The developer, as of 2016, envisioned a two-tower project nearly 800 feet. That would require a new public approval process.
But AY CDC Chair Daniel Kummer asked Veconi if he envisioned a tradeoff with deeper affordability in exchange for allowing the density to be transferred.
"So I think people who’ve been watching the project, perhaps might expect that, if there was to be a modification to the project plan, the density that has been previously approved for those buildings," he said, "could be could be reprogrammed for residential... and potentially offer the ability to address relative lack of affordable apartments. It's certainly possible."
That's not just an idle thought. That was a key subtext, in my assessment, of the early 2022 Crossroads sessions held by BrooklynSpeaks, a coalition Veconi helps lead, aiming to shape the project's future.
If that's contemplated, it deserves a lot more discussion. Does the need for housing justify a building (or complex) with nearly twice the density as approved in the Downtown Brooklyn rezoning?

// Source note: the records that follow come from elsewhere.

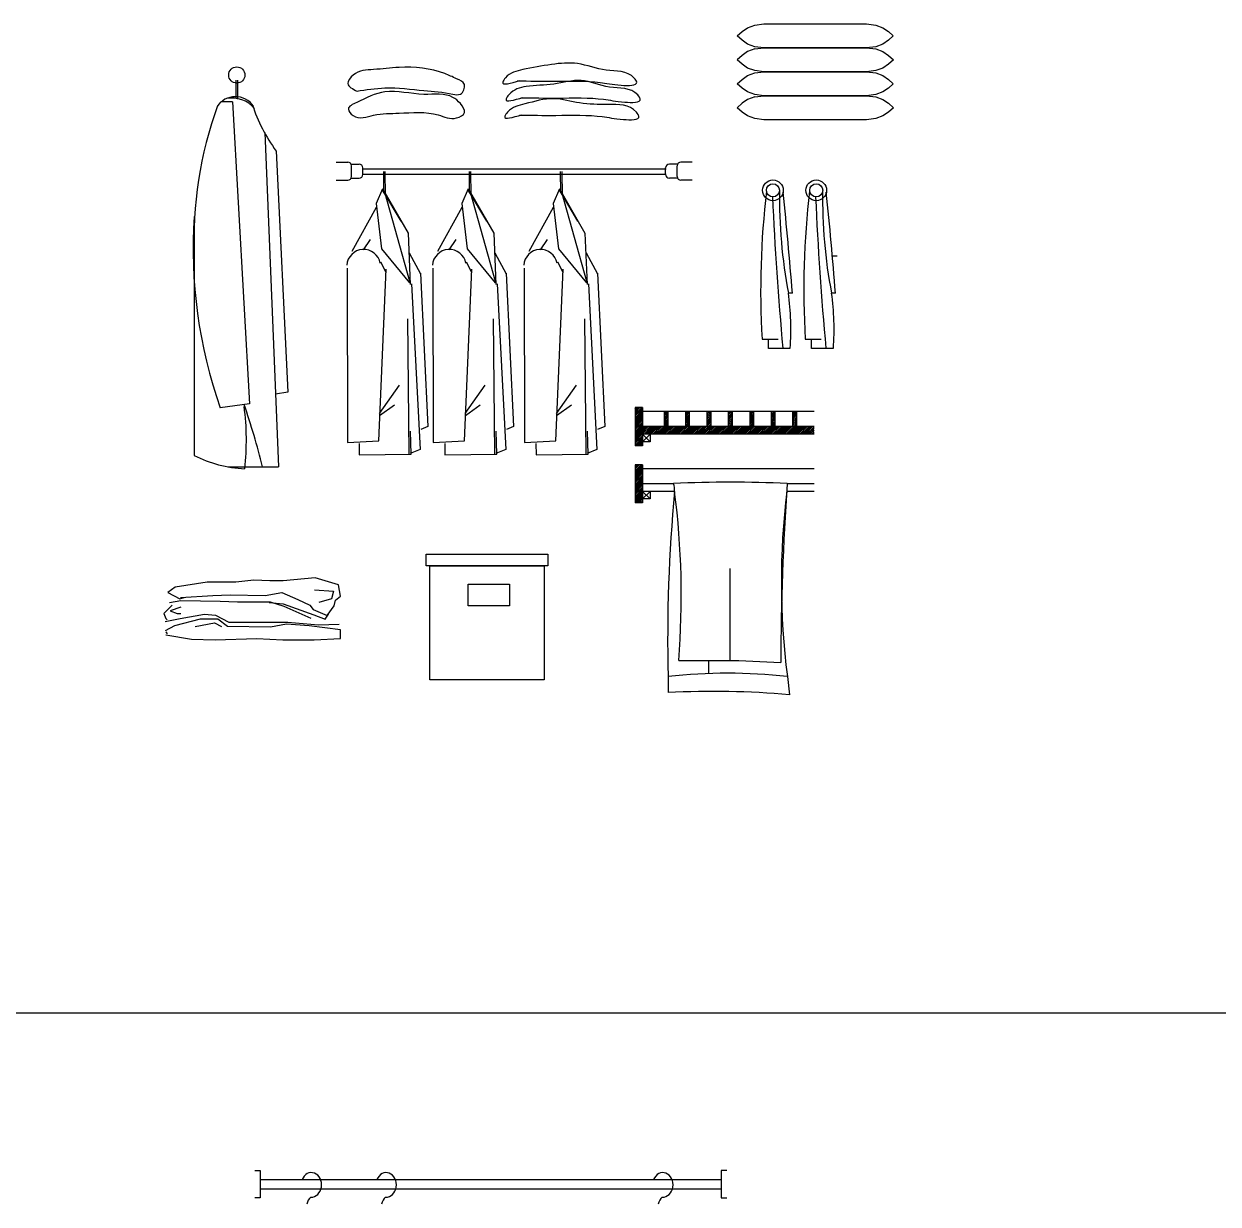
# Model space of a CAD drawing. Header units: inches. Extents: x 8.4 to 50.9, y 14.4 to 39.2.
# Drawn here: x 44.004 to 47.141, y 17.713 to 20.811 of the extents above; entities that cross this region are included whole.
import ezdxf

# ---------------------------------------------------------------- set-up
doc = ezdxf.new("R2010")
doc.units = ezdxf.units.IN
doc.header["$MEASUREMENT"] = 0
for name, color, linetype in [('02', 2, 'Continuous'), ('1', 1, 'Continuous'), ('4', 4, 'Continuous'), ('8', 8, 'Continuous')]:
    doc.layers.add(name, color=color, linetype=linetype)
pattern_1 = [(45, (13.445842, -1.4344217), (-0.00224506403, 0.00224506403), [])]

msp = doc.modelspace()

# ---------------------------------------------------------------- hatches: boundary and pattern name
at = {"layer": '8'}
h = msp.add_hatch(dxfattribs=at)
h.set_pattern_fill('ANSI31', color=256, scale=0.001, style=0)
h.set_pattern_definition(pattern_1)
h.paths.add_polyline_path([(45.6093, 19.7041), (45.6293, 19.7041), (45.6293, 19.8041), (45.6093, 19.8041)])
h = msp.add_hatch(dxfattribs=at)
h.set_pattern_fill('ANSI31', color=256, scale=0.001, style=0)
h.set_pattern_definition(pattern_1)
h.paths.add_polyline_path([(46.0793, 19.7541), (45.6293, 19.7541), (45.6293, 19.7341), (46.0793, 19.7341)])
h.paths.add_polyline_path([(45.6956, 19.7941), (45.6856, 19.7941), (45.6856, 19.7541), (45.6956, 19.7541)])
h.paths.add_polyline_path([(45.7518, 19.7941), (45.7418, 19.7941), (45.7418, 19.7541), (45.7518, 19.7541)])
h.paths.add_polyline_path([(45.8081, 19.7941), (45.7981, 19.7941), (45.7981, 19.7541), (45.8081, 19.7541)])
h.paths.add_polyline_path([(45.8643, 19.7941), (45.8543, 19.7941), (45.8543, 19.7541), (45.8643, 19.7541)])
h.paths.add_polyline_path([(45.9206, 19.7941), (45.9106, 19.7941), (45.9106, 19.7541), (45.9206, 19.7541)])
h.paths.add_polyline_path([(45.9768, 19.7941), (45.9668, 19.7941), (45.9668, 19.7541), (45.9768, 19.7541)])
h.paths.add_polyline_path([(46.0331, 19.7941), (46.0231, 19.7941), (46.0231, 19.7541), (46.0331, 19.7541)])
h.paths.add_polyline_path([(45.6293, 19.6541), (45.6093, 19.6541), (45.6093, 19.5541), (45.6293, 19.5541)])

# ---------------------------------------------------------------- linework, layer by layer
at = {"layer": '02'}
for p, q in [((45.8907, 20.7917, 17.3243), (45.905, 20.8015, 17.3243)), ((45.905, 20.8015, 17.3243), (45.9237, 20.8085, 17.3243)), ((45.9237, 20.8085, 17.3243), (45.9478, 20.8115, 17.3243)), ((45.9478, 20.8115, 17.3243), (46.2176, 20.8115, 17.3243)), ((46.2176, 20.8115, 17.3243), (46.2416, 20.8085, 17.3243)), ((46.2416, 20.8085, 17.3243), (46.2603, 20.8015, 17.3243)), ((46.2603, 20.8015, 17.3243), (46.2746, 20.7917, 17.3243)), ((45.8777, 20.78, 17.3243), (45.8907, 20.7917, 17.3243)), ((45.8907, 20.7684, 17.3243), (45.8777, 20.78, 17.3243)), ((45.905, 20.7585, 17.3243), (45.8907, 20.7684, 17.3243)), ((46.2746, 20.7684, 17.3243), (46.2603, 20.7585, 17.3243)), ((46.2746, 20.7917, 17.3243), (46.2876, 20.78, 17.3243)), ((46.2876, 20.78, 17.3243), (46.2746, 20.7684, 17.3243)), ((45.905, 20.7387, 17.3243), (45.8908, 20.7288, 17.3243)), ((45.9237, 20.7516, 17.3243), (45.905, 20.7585, 17.3243)), ((45.9238, 20.7456, 17.3243), (45.905, 20.7387, 17.3243)), ((45.9478, 20.7486, 17.3243), (45.9237, 20.7516, 17.3243)), ((45.9238, 20.7456, 17.3243), (45.9479, 20.7486, 17.3243)), ((46.2176, 20.7486, 17.3243), (45.9478, 20.7486, 17.3243)), ((45.9479, 20.7486, 17.3243), (46.2175, 20.7486, 17.3243)), ((46.2175, 20.7486, 17.3243), (46.2416, 20.7456, 17.3243)), ((46.2416, 20.7516, 17.3243), (46.2176, 20.7486, 17.3243)), ((46.2603, 20.7585, 17.3243), (46.2416, 20.7516, 17.3243)), ((46.2416, 20.7456, 17.3243), (46.2604, 20.7387, 17.3243)), ((46.2604, 20.7387, 17.3243), (46.2746, 20.7288, 17.3243)), ((45.8908, 20.7288, 17.3243), (45.8778, 20.7172, 17.3243)), ((45.8908, 20.7056, 17.3243), (45.8778, 20.7172, 17.3243)), ((45.905, 20.6956, 17.3243), (45.8908, 20.7056, 17.3243)), ((46.2746, 20.7056, 17.3243), (46.2604, 20.6956, 17.3243)), ((46.2746, 20.7288, 17.3243), (46.2877, 20.7172, 17.3243)), ((46.2877, 20.7172, 17.3243), (46.2746, 20.7056, 17.3243)), ((45.8907, 20.6659, 17.3243), (45.905, 20.6758, 17.3243)), ((45.9238, 20.6887, 17.3243), (45.905, 20.6956, 17.3243)), ((45.905, 20.6758, 17.3243), (45.9237, 20.6828, 17.3243)), ((45.9237, 20.6828, 17.3243), (45.9478, 20.6858, 17.3243)), ((45.9479, 20.6858, 17.3243), (45.9238, 20.6887, 17.3243)), ((45.9478, 20.6858, 17.3243), (46.2176, 20.6858, 17.3243)), ((46.2175, 20.6858, 17.3243), (45.9479, 20.6858, 17.3243)), ((46.2416, 20.6887, 17.3243), (46.2175, 20.6858, 17.3243)), ((46.2176, 20.6858, 17.3243), (46.2416, 20.6828, 17.3243)), ((46.2604, 20.6956, 17.3243), (46.2416, 20.6887, 17.3243)), ((46.2416, 20.6828, 17.3243), (46.2603, 20.6758, 17.3243)), ((46.2603, 20.6758, 17.3243), (46.2746, 20.6659, 17.3243)), ((44.5612, 20.664, 8.7529), (44.5612, 20.6153, 8.7529)), ((44.5653, 20.664, 8.7529), (44.5653, 20.6139, 8.7529)), ((45.8777, 20.6543, 17.3243), (45.8907, 20.6659, 17.3243)), ((45.8907, 20.6427, 17.3243), (45.8777, 20.6543, 17.3243)), ((45.905, 20.6327, 17.3243), (45.8907, 20.6427, 17.3243)), ((46.2746, 20.6427, 17.3243), (46.2603, 20.6327, 17.3243)), ((46.2746, 20.6659, 17.3243), (46.2876, 20.6543, 17.3243)), ((46.2876, 20.6543, 17.3243), (46.2746, 20.6427, 17.3243)), ((44.5517, 20.6069, 8.7529), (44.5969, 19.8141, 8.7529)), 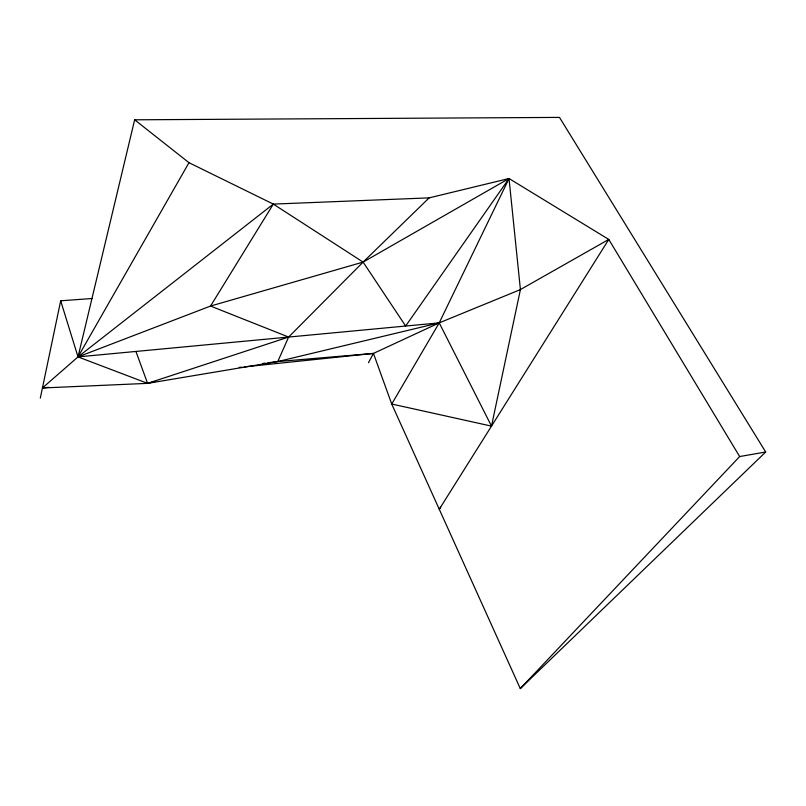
<?xml version="1.0" encoding="UTF-8"?>
<svg xmlns="http://www.w3.org/2000/svg" width="806" height="806" viewBox="0 0 806 806"><rect width="100%" height="100%" fill="white"/><g stroke="black" fill="none" stroke-linecap="round" stroke-linejoin="round"><path stroke-width="1.21" d="M40.3 398.174L60.682 300.799L92.035 298.512M244.188 366.911L373.46 353.411L391.716 404.018L491.499 426.122L520.414 289.576L509.019 178.519L429.145 197.873L273.325 204.099L188.977 162.691L134.652 119.802L78.021 356.897L42.436 387.978L147.579 383.364L277.758 361.562L439.22 322.874L520.414 289.576L608.782 239.432L739.666 456.549L765.7 452.005L559.495 117.404L134.652 119.802M267.794 362.811L277.758 361.562L288.629 337.059L363.113 262.091L429.145 197.873M391.605 404.28L439.22 322.874L509.019 178.519L608.782 239.432L439.27 509.271L440.731 507.226M368.473 362.7L373.46 353.411L439.22 322.874L491.499 426.122M188.977 162.691L78.021 356.897L147.579 383.364L154.752 381.55M135.932 351.446L147.579 383.364L288.629 337.059L210.537 306.058L363.113 262.091L509.019 178.519L405.65 326.037L363.113 262.091L273.325 204.099L210.537 306.058L78.021 356.897L60.682 300.799M391.716 404.018L520.293 688.596L739.666 456.549M520.293 688.596L765.7 452.005M273.325 204.099L78.021 356.897L439.22 322.874M262.806 363.435L265.295 363.123M42.436 387.978L48.662 387.323M239.201 367.435L241.689 367.173M277.758 361.562L372.614 353.502"/></g></svg>

Does it justify a building three or four times taller than the new, 17-story 375 Dean (above) two blocks away?
In other words, if and when the project proceeds, it should prompt further discussion.
From: Learning from Atlantic Yards/Pacific Park (Substack)
March 25: The Big Atlantic Yards Winners? Billionaire Team Owners Mikhail Prokhorov and (likely, soon) Joe Tsai.
Yes, the developers of the tower project have both failed financially. Meanwhile, the National Basketball Association’s Brooklyn Nets have been a financial supernova. Some may see them as Brooklyn’s “hometown team,” as propagandized by ownership.
But they’re an astoundingly—if somewhat belatedly— successful sports entertainment corporation. Why can’t the public can some of the upside, especially since the team owner and arena operator gets such benefit from not having “Miss Brooklyn” built and effacing the plaza.
From: Atlantic Yards/Pacific Park Report
March 26: With the future of Atlantic Yards/Pacific Park in question, it all may depend on "abiding by the Project documents" (which might change). Previewing the meeting of the Atlantic Yards Community Development Corporation.
March 27: Columnist John Hollinger: "Have Knicks, Nets swapped destinies?" Answer: yes. While the Knicks once made impulsive front-office moves, they’ve built a solid team incrementally. The Nets, which once did that, have regressed.
March 28: At Atlantic Yards meeting, state officials acknowledge project is stalled, with neither new plans nor developer proposed. Will foreclosure auction happen next month?
March 29: At AY CDC meeting, state officials finally provide more information on the project's affordable housing record. But it didn’t stress the middle-income skew. And they didn’t talk about enforcing the affordable housing penalties.
March 30: To advisory group, ESD says (mystery) documents confirm that EB-5 funds were spent appropriately. Other evidence I gathered separately raises doubts.